The Leica M has had pretty much the same dimensions and design for since the
50s (save to major departures the Leica CL and the Leica M5). Note that I am
referring to the analog film version and not the modern digital M8 and later
incarnations design, along with the Fender Stratocaster are the closest thing
to perfection anyone has come up with.

The Stratocaster is a discussion for another time. In the case of the Leica,
it is the best design because it distills the essence of the photographic
expression and builds the product around that. The controls are simple. You
have a shutter speed dial, a film crank, a shots taken indicator. Aperture
control is on the lens barrel. Any photographer can pick up a Leica M and know
how it works intuitively.

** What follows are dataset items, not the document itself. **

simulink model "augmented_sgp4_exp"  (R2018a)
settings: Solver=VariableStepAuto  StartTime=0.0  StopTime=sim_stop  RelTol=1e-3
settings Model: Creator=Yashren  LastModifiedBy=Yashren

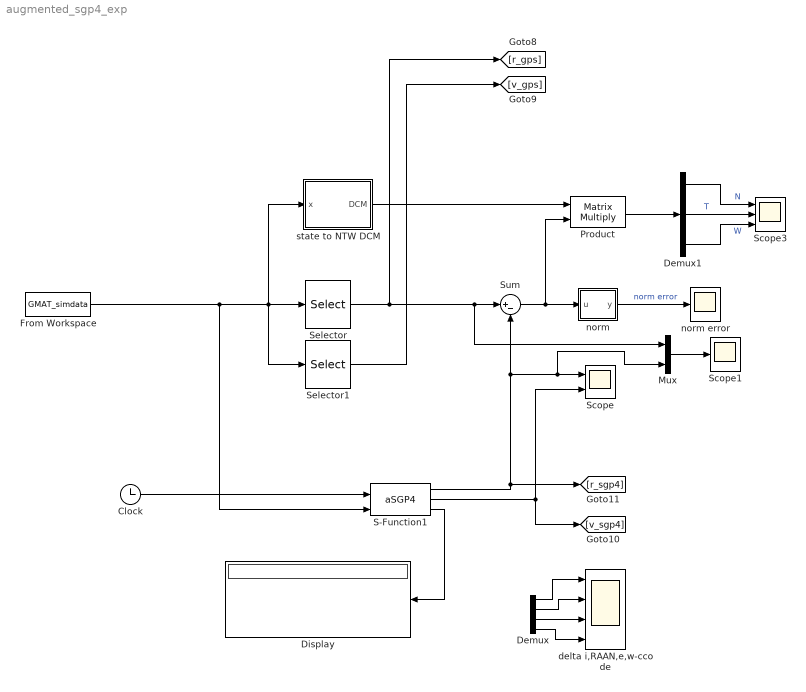
== system augmented_sgp4_exp ==
  Clock : Clock
  Demux : Demux
  Demux1 : Demux  Outputs=3
  Display : Display
      settings: Format=long_e
  From Workspace : FromWorkspace  VariableName=GMAT_simdata
  Mux : Mux  Inputs=2
  Product : Product  Multiplication=Matrix(*)
  S-Function1 : S-Function  FunctionName=aSGP4  Parameters=orbit_start_UTC  SFunctionDeploymentMode=off  EnableBusSupport=off
  Scope : Scope  NumInputPorts=2
  Scope1 : Scope
  Scope3 : Scope  NumInputPorts=3
  Selector : Selector  InputPortWidth=6  IndexOptions=Index vector (dialog)  Indices=[1 2 3]  OutputSizes=1
  Selector1 : Selector  InputPortWidth=6  IndexOptions=Index vector (dialog)  Indices=[4 5 6]  OutputSizes=1
  Sum : Sum  Inputs=|+-
  delta i,RAAN,e,w-ccode : Scope  NumInputPorts=4
  norm : Subsystem
  norm error : Scope
  state to NTW DCM : MATLAB Function  TreatAsAtomicUnit=on
  wires:
  Clock/1 -> S-Function1/1
  S-Function1/2 -> [v_sgp4], Scope/2
  Mux/1 -> Scope1/1
  Selector/1 -> [r_gps], Mux/1, Sum/1
  state to NTW DCM/1(DCM) -> Product/1
  Sum/1 -> Product/2, norm/1(u)
  norm/1(y) -> norm error/1  "norm error"
  Selector1/1 -> [v_gps]
  S-Function1/1 -> [r_sgp4], Sum/2, Mux/2, Scope/1
  Demux/3 -> delta i,RAAN,e,w-ccode/3
  Demux/2 -> delta i,RAAN,e,w-ccode/2
  Demux/4 -> delta i,RAAN,e,w-ccode/4
  Demux/1 -> delta i,RAAN,e,w-ccode/1
  Product/1 -> Demux1/1
  Demux1/1 -> Scope3/1  "N"
  Demux1/2 -> Scope3/2  "T"
  Demux1/3 -> Scope3/3  "W"
  From Workspace/1 -> S-Function1/2, Selector1/1, Selector/1, state to NTW DCM/1(x)
  S-Function1/3 -> Display/1

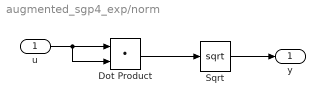
== system augmented_sgp4_exp/norm ==
  u : Inport
  Dot Product : DotProduct  InputSameDT=on  OutDataTypeStr=Inherit: Inherit via internal rule
  Sqrt : Sqrt  SaturateOnIntegerOverflow=on
  y : Outport
  wires:
  u/1 -> Dot Product/2, Dot Product/1
  Dot Product/1 -> Sqrt/1
  Sqrt/1 -> y/1

== matlab function augmented_sgp4_exp/state to NTW DCM ==
  data: x input; DCM output
function DCM = fcn(x)

% function takes in satellite state r,v
% generates DCM to convert ECI to NTW
r = x(1:3);
v = x(4:6);
T = v/norm(v);
W = cross(r,v);
W = W/norm(W);
N = cross(T,W);

DCM = [N,T,W]';
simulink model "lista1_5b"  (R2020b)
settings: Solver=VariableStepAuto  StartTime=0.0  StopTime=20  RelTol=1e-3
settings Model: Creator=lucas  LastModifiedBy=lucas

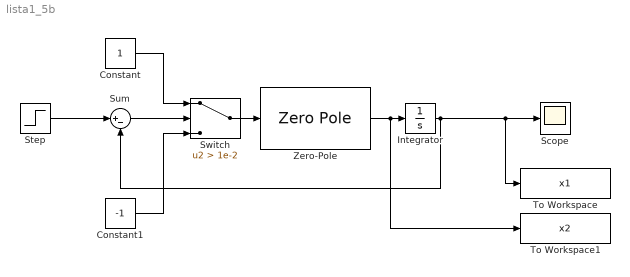
== system lista1_5b ==
  Constant : Constant
  Constant1 : Constant  Value=-1
  Integrator : Integrator
  Scope : Scope
  Step : Step  Time=0  SampleTime=0
  Sum : Sum  Inputs=|+-
  Switch : Switch  Criteria=u2 > Threshold  Threshold=1e-2
  To Workspace : ToWorkspace  VariableName=x1  SaveFormat=Timeseries  SampleTime=-1
  To Workspace1 : ToWorkspace  VariableName=x2  SaveFormat=Timeseries  SampleTime=-1
  Zero-Pole : ZeroPole  Zeros=[]  Poles=[-1 -5]  Gain=5
  wires:
  Step/1 -> Sum/1
  Sum/1 -> Switch/2
  Switch/1 -> Zero-Pole/1
  Constant/1 -> Switch/1
  Constant1/1 -> Switch/3
  Integrator/1 -> Sum/2, Scope/1, To Workspace/1
  Zero-Pole/1 -> To Workspace1/1, Integrator/1

The controls fall right where they should. Its been
50 years, and no one really has come up with a better interface to take a
picture.

This design throughs all of that out the window. From the looks of the
picture, it doesn't look very comfortable to hold. It seems to rounded, and
the "cheese greater" design is just asking for dust/environmental problems. A
well used Leica looks even more desirable with age, this would just look
hideous. This design just lost all of the elegance that 50 years of
incremental design bestowed on the Leica M and turned it into something that
looks like a Braun product.

Then lets move to the usability -- whats with the recessed dials??? the whole
point of the dial placement ABOVE the top plate is so that the photographer
can operate all the controls via his thumb without taking his mind away from
the act of taking a picture. This completely violates that principle. Not to
mention all the ergonomic evolution the engineers at Leica spent so much time
agonizing over.

Don't get me wrong, yes I do love the Leica M. I am not a zealot by any
chance. I don't claim they do everything but what they do -- they have
perfected the design. And here they just through all of that out the window.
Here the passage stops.